● YOUR ASSIGNMENT
The answer must be every line of the records below that holds the word "LowerLimit".

● THE DATA
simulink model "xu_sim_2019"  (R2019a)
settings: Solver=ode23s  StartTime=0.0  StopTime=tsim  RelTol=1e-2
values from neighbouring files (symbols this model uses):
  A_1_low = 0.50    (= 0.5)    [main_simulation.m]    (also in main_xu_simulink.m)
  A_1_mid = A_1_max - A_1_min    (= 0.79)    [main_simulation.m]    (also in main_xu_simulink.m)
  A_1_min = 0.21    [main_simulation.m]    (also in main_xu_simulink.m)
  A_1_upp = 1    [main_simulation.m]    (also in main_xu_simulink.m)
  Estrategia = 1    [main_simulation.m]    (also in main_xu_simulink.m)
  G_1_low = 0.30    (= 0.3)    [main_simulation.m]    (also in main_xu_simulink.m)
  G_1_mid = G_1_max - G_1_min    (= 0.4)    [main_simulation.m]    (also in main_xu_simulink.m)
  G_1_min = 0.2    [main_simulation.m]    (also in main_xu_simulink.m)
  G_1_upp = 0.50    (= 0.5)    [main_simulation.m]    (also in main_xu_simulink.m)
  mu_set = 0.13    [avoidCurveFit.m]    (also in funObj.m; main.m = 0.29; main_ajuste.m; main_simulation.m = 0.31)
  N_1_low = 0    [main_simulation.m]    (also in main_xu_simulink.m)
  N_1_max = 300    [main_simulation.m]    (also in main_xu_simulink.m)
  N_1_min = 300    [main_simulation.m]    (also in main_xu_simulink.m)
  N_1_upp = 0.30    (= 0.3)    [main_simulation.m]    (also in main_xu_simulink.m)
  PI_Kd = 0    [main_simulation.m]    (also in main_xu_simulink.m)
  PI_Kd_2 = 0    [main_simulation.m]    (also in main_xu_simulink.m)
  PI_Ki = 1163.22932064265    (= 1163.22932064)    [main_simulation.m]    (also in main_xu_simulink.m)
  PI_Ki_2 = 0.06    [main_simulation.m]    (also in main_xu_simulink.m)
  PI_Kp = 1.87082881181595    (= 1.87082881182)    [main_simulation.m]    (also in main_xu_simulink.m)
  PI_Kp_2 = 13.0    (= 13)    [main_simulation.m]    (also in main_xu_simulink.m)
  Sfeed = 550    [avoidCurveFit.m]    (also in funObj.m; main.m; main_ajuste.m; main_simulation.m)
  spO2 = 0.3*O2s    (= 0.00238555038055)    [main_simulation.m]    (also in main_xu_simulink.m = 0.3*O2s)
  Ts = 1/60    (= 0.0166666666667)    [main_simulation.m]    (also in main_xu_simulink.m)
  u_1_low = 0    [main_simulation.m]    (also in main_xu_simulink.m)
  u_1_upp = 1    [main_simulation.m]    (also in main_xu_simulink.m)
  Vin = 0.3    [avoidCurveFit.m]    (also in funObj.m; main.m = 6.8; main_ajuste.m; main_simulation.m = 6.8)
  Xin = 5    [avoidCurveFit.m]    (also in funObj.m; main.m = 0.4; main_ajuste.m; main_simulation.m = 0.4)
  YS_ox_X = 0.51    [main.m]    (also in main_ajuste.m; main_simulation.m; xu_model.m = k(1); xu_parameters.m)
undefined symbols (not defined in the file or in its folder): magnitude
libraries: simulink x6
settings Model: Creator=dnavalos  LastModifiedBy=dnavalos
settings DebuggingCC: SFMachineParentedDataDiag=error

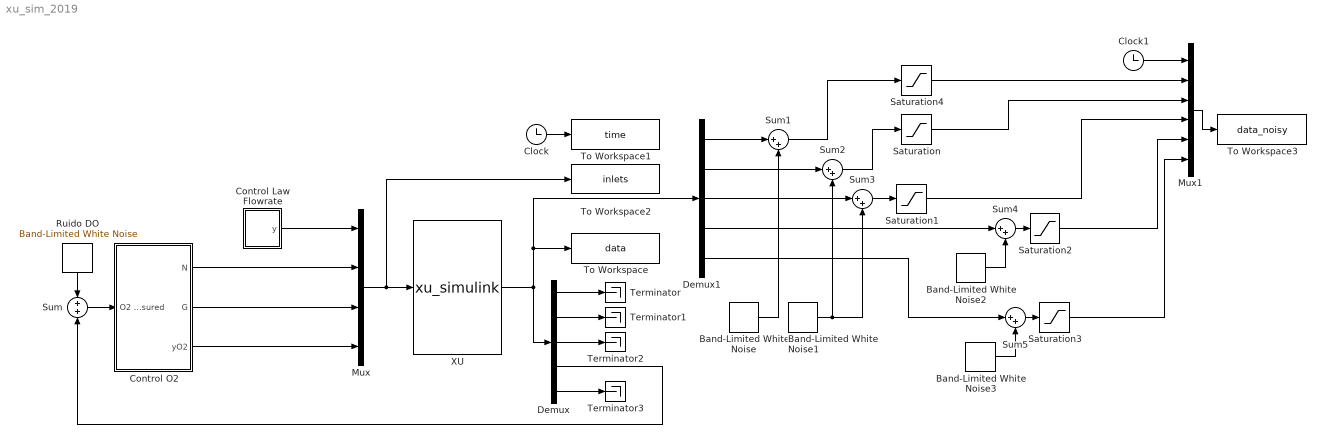
== system xu_sim_2019 ==
  Band-Limited White Noise : simulink/Sources/Band-Limited White Noise  Cov=[10]  Ts=0.2  seed=[23341]
  Band-Limited White Noise1 : simulink/Sources/Band-Limited White Noise  Cov=[1e-4]  Ts=0.2  seed=[23341]
  Band-Limited White Noise2 : simulink/Sources/Band-Limited White Noise  Cov=[1e-8]  Ts=0.2  seed=[23341]
  Band-Limited White Noise3 : simulink/Sources/Band-Limited White Noise  Cov=[0.01]  Ts=0.2  seed=[23341]
  Clock : Clock
  Clock1 : Clock
  Control Law Flowrate : Subsystem
  Control O2 : Subsystem
  Demux : Demux  Outputs=5
  Demux1 : Demux  Outputs=5
  Mux : Mux
  Mux1 : Mux  Inputs=6
  Ruido DO : simulink/Sources/Band-Limited White Noise  Cov=sigma_DO  Ts=Ts  seed=[23341]
  Saturation{,1..4} (5 alike) : Saturate  UpperLimit=inf  LowerLimit=0
  Sum : Sum
  Sum{1..5} (5 alike) : Sum  Inputs=|++
  Terminator{,1..3} (4 alike) : Terminator
  To Workspace : ToWorkspace  VariableName=data  SampleTime=-1
  To Workspace1 : ToWorkspace  VariableName=time  SampleTime=-1
  To Workspace2 : ToWorkspace  VariableName=inlets  SampleTime=-1
  To Workspace3 : ToWorkspace  VariableName=data_noisy  SampleTime=1
  XU : S-Function  FunctionName=xu_simulink  SFunctionDeploymentMode=off  EnableBusSupport=off
      mask Display: image('reactor.jpg'); % Use "Edit Image" on toolstrip to change.
  wires:
  XU/1 -> Demux1/1, To Workspace/1, Demux/1
  Clock/1 -> To Workspace1/1
  Control Law Flowrate/1(y) -> Mux/1
  Mux/1 -> To Workspace2/1, XU/1
  Control O2/1(N) -> Mux/2
  Control O2/2(G) -> Mux/3
  Control O2/3(yO2) -> Mux/4
  Demux/4 -> Sum/2
  Sum/1 -> Control O2/1(O2 measured)
  Ruido DO/1 -> Sum/1
  Demux/5 -> Terminator3/1
  Demux/3 -> Terminator2/1
  Demux/2 -> Terminator1/1
  Demux/1 -> Terminator/1
  Demux1/1 -> Sum1/1
  Demux1/2 -> Sum2/1
  Band-Limited White Noise/1 -> Sum1/2
  Sum1/1 -> Saturation4/1
  Demux1/3 -> Sum3/1
  Demux1/5 -> Sum5/1
  Demux1/4 -> Sum4/1
  Sum2/1 -> Saturation/1
  Band-Limited White Noise1/1 -> Sum3/2, Sum2/2
  Saturation/1 -> Mux1/3
  Sum3/1 -> Saturation1/1
  Saturation1/1 -> Mux1/4
  Saturation2/1 -> Mux1/5
  Sum4/1 -> Saturation2/1
  Band-Limited White Noise2/1 -> Sum4/2
  Sum5/1 -> Saturation3/1
  Band-Limited White Noise3/1 -> Sum5/2
  Saturation3/1 -> Mux1/6
  Saturation4/1 -> Mux1/2
  Mux1/1 -> To Workspace3/1
  Clock1/1 -> Mux1/1

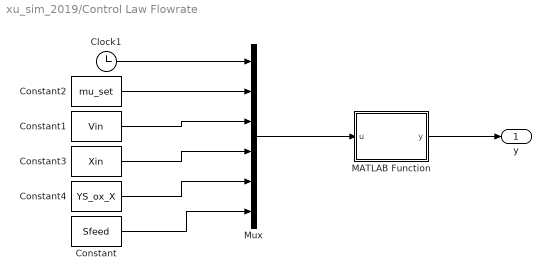
== system xu_sim_2019/Control Law Flowrate ==
  Clock1 : Clock
  Constant : Constant  Value=Sfeed
  Constant1 : Constant  Value=Vin
  Constant2 : Constant  Value=mu_set
  Constant3 : Constant  Value=Xin
  Constant4 : Constant  Value=YS_ox_X
  MATLAB Function : MATLAB Function  TreatAsAtomicUnit=on
  Mux : Mux  Inputs=6
  y : Outport
  wires:
  Constant/1 -> Mux/6
  Constant3/1 -> Mux/4
  Clock1/1 -> Mux/1
  Constant2/1 -> Mux/2
  Constant1/1 -> Mux/3
  Constant4/1 -> Mux/5
  Mux/1 -> MATLAB Function/1(u)
  MATLAB Function/1(y) -> y/1

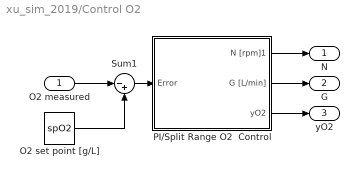
== system xu_sim_2019/Control O2 ==
  O2 measured : Inport
  O2 set point [g/L] : Constant  Value=spO2
  PI/Split Range O2  Control : Subsystem
  Sum1 : Sum  Inputs=|-+
  N : Outport  VectorParamsAs1DForOutWhenUnconnected=off
  G : Outport  Port=2  VectorParamsAs1DForOutWhenUnconnected=off
  yO2 : Outport  Port=3  VectorParamsAs1DForOutWhenUnconnected=off
  wires:
  PI/Split Range O2  Control/1(N [rpm]1) -> N/1
  PI/Split Range O2  Control/2(G [L/min]) -> G/1
  O2 measured/1 -> Sum1/1
  O2 set point [g/L]/1 -> Sum1/2
  PI/Split Range O2  Control/3("yO2 ") -> yO2/1
  Sum1/1 -> PI/Split Range O2  Control/1(Error)

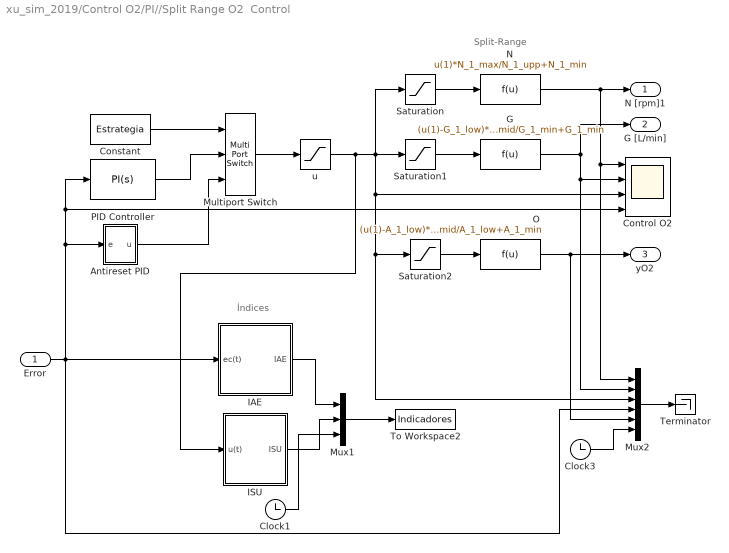
== system xu_sim_2019/Control O2/PI//Split Range O2  Control ==
  note: Índices
  note: Split-Range
  Error : Inport
  Antireset PID : Subsystem  mask(Antireset PID){G=PI_Kp_2, ti=PI_Ki_2, td=PI_Kd_2, a=0.5, U=1, L=0}
      mask prompts: G "Controller Gain"; ti "Integral Time Constant"; td "Derivative Time Constant"; a "Alpha"; U "Saturation Upper Limit"; L "Saturation Lower Limit"
      mask help: Enter expression for Controller Gain, Integral Time Constant, Derivative Time Constant, Alpha Constant, Saturation Upper Constant, and Saturation Lower Constant terms.
  Clock1 : Clock
  Clock3 : Clock
  Constant : Constant  Value=Estrategia
  Control O2 : Scope  NumInputPorts=4
  G : Fcn  Expr=(u(1)-G_1_low)*G_1_mid/G_1_min+G_1_min
  IAE : Subsystem
  ISU : Subsystem
  Multiport Switch : MultiPortSwitch  Inputs=2
  Mux1 : Mux  Inputs=3
  Mux2 : Mux  Inputs=6
  N : Fcn  Expr=u(1)*N_1_max/N_1_upp+N_1_min
  O : Fcn  Expr=(u(1)-A_1_low)*A_1_mid/A_1_low+A_1_min
  PID Controller : simulink/Continuous/PID Controller  Controller=PI  Form=Parallel  TimeDomain=Continuous-time  SampleTime=-1  IntegratorMethod=Forward Euler  FilterMethod=Forward Euler  ControllerParametersSource=internal  P=PI_Kp  I=PI_Ki  D=PI_Kd  UseFilter=on  N=479.898765366224  TunerSelectOption=Transfer Function Based (PID Tuner App)  InitialConditionSource=internal  InitialConditionForIntegrator=-48.255  InitialConditionForFilter=0  DifferentiatorICPrevScaledInput=0  ExternalReset=none  TrackingMode=off  Kt=1  LimitOutput=on  UpperSaturationLimit=1  LowerSaturationLimit=0  LinearizeAsGain=off  AntiWindupMode=back-calculation  Kb=1  POutMin=[]  POutMax=[]  IOutMin=[]  IOutMax=[]  DOutMin=[]  DOutMax=[]  NOutMin=[]  NOutMax=[]  SumOutMin=[]  SumOutMax=[]  SaturationOutMin=[]  SaturationOutMax=[]  PParamMin=[]  PParamMax=[]  IParamMin=[]  IParamMax=[]  DParamMin=[]  DParamMax=[]  NParamMin=[]  NParamMax=[]  KbParamMin=[]  KbParamMax=[]  KtParamMin=[]  KtParamMax=[]  KbOutMin=[]  KbOutMax=[]  KtOutMin=[]  KtOutMax=[]  IntegratorOutMin=[]  IntegratorOutMax=[]  FilterOutMin=[]  FilterOutMax=[]  SumI1OutMin=[]  SumI1OutMax=[]  SumI2OutMin=[]  SumI2OutMax=[]  SumI3OutMin=[]  SumI3OutMax=[]  SumI4OutMin=[]  SumI4OutMax=[]  SumDOutMin=[]  SumDOutMax=[]  DifferentiatorOutMin=[]  DifferentiatorOutMax=[]  FilterDiffOutCoefMin=[]  FilterDiffOutCoefMax=[]  ReciprocalOutMin=[]  ReciprocalOutMax=[]  SumDenOutMin=[]  SumDenOutMax=[]  SumNumOutMin=[]  SumNumOutMax=[]  DivideOutMin=[]  DivideOutMax=[]  IntegratorContinuousStateAttributes=''  IntegratorStateMustResolveToSignalObject=off  IntegratorRTWStateStorageClass=Auto  FilterContinuousStateAttributes=''  FilterStateMustResolveToSignalObject=off  FilterRTWStateStorageClass=Auto  ParallelPVariant=InternalParameters  IdealPVariant=Disabled  IVariant=InternalParameters  DVariant=Disabled  IntegratorVariant=Continuous  SatVariant=Enabled  AWVariant=BackCalculation  PCopyVariant=Disabled  TRVariant=Disabled  FdbkBlocksVariant=Forward  IdealPFdbkVariant=Disabled  SatFdbkVariant=Disabled  DerivativeFilterVariant=Disabled  NVariant=Disabled  NCopyVariant=Disabled_SignalSpec  FilterICVariant=Disabled  IntegratorICVariant=InternalICs  ExternalResetVariant=Disabled  TRSumVariant=Passthrough  SumFdbkVariant=Disabled  SumVariant=Sum_PI
  Saturation : Saturate  UpperLimit=N_1_upp  LowerLimit=N_1_low
  Saturation1 : Saturate  UpperLimit=G_1_upp  LowerLimit=G_1_low
  Saturation2 : Saturate  UpperLimit=A_1_upp  LowerLimit=A_1_low
  Terminator : Terminator
  To Workspace2 : ToWorkspace  VariableName=Indicadores  SampleTime=-1
  u : Saturate  UpperLimit=u_1_upp  LowerLimit=u_1_low
  N [rpm]1 : Outport  VectorParamsAs1DForOutWhenUnconnected=off
  G [L/min] : Outport  Port=2  VectorParamsAs1DForOutWhenUnconnected=off
  "yO2 " : Outport  Port=3  VectorParamsAs1DForOutWhenUnconnected=off
  wires:
  Saturation2/1 -> O/1
  Constant/1 -> Multiport Switch/1
  Clock3/1 -> Mux2/6
  N/1 -> N [rpm]1/1, Mux2/1, Control O2/1
  Multiport Switch/1 -> u/1
  ISU/1(ISU) -> Mux1/2
  IAE/1(IAE) -> Mux1/1
  Clock1/1 -> Mux1/3
  Mux1/1 -> To Workspace2/1
  Mux2/1 -> Terminator/1
  PID Controller/1 -> Multiport Switch/2
  Saturation1/1 -> G/1
  Saturation/1 -> N/1
  O/1 -> Mux2/5, "yO2 "/1
  Antireset PID/1(u) -> Multiport Switch/3
  u/1 -> ISU/1(u(t)), Saturation/1, Saturation1/1, Mux2/3, Saturation2/1, Control O2/3
  G/1 -> G [L/min]/1, Mux2/2, Control O2/2
  Error/1 -> PID Controller/1, Control O2/4, Antireset PID/1(e), Mux2/4, IAE/1(ec(t))

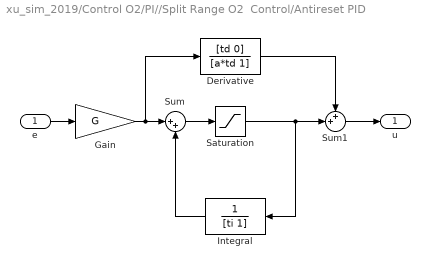
== system xu_sim_2019/Control O2/PI//Split Range O2  Control/Antireset PID ==
  e : Inport
  Derivative : TransferFcn  Numerator=[td 0]  Denominator=[a*td 1]
  Gain : Gain  Gain=G  SaturateOnIntegerOverflow=on  OutDataTypeStr=Inherit: Same as input  ParamDataTypeStr=Inherit: Same as input
  Integral : TransferFcn  Denominator=[ti 1]
  Saturation : Saturate  UpperLimit=U  LowerLimit=L
  Sum : Sum  Inputs=|++  InputSameDT=on  SaturateOnIntegerOverflow=on  OutDataTypeStr=Inherit: Same as first input
  Sum1 : Sum  Inputs=++|  InputSameDT=on  SaturateOnIntegerOverflow=on  OutDataTypeStr=Inherit: Same as first input
  u : Outport  VectorParamsAs1DForOutWhenUnconnected=off
  wires:
  Derivative/1 -> Sum1/1
  Sum1/1 -> u/1
  Saturation/1 -> Integral/1, Sum1/2
  e/1 -> Gain/1
  Integral/1 -> Sum/2
  Sum/1 -> Saturation/1
  Gain/1 -> Derivative/1, Sum/1

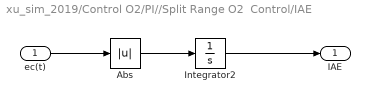
== system xu_sim_2019/Control O2/PI//Split Range O2  Control/IAE ==
  ec(t) : Inport
  Abs : Abs
  Integrator2 : Integrator
  IAE : Outport  VectorParamsAs1DForOutWhenUnconnected=off
  wires:
  Abs/1 -> Integrator2/1
  ec(t)/1 -> Abs/1
  Integrator2/1 -> IAE/1

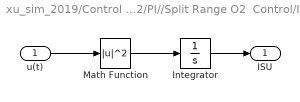
== system xu_sim_2019/Control O2/PI//Split Range O2  Control/ISU ==
  u(t) : Inport
  Integrator : Integrator
  Math Function : Math  Operator=magnitude^2  SaturateOnIntegerOverflow=on
  ISU : Outport  VectorParamsAs1DForOutWhenUnconnected=off
  wires:
  Integrator/1 -> ISU/1
  u(t)/1 -> Math Function/1
  Math Function/1 -> Integrator/1

== matlab function xu_sim_2019/Control Law Flowrate/MATLAB Function ==
  data: u input; y output
function y = fcn(u)
mu_set = u(2); Vin = u(3); Xin = u(4); YS_ox_X = u(5); Sfeed = u(6);
t = u(1);

y = mu_set*Vin*Xin*exp(mu_set*t)/(YS_ox_X*Sfeed);
end

● EXERCISE OUTPUT
  Saturation{,1..4} (5 alike) : Saturate  UpperLimit=inf  LowerLimit=0
  Saturation : Saturate  UpperLimit=N_1_upp  LowerLimit=N_1_low
  Saturation1 : Saturate  UpperLimit=G_1_upp  LowerLimit=G_1_low
  Saturation2 : Saturate  UpperLimit=A_1_upp  LowerLimit=A_1_low
  u : Saturate  UpperLimit=u_1_upp  LowerLimit=u_1_low
  Saturation : Saturate  UpperLimit=U  LowerLimit=L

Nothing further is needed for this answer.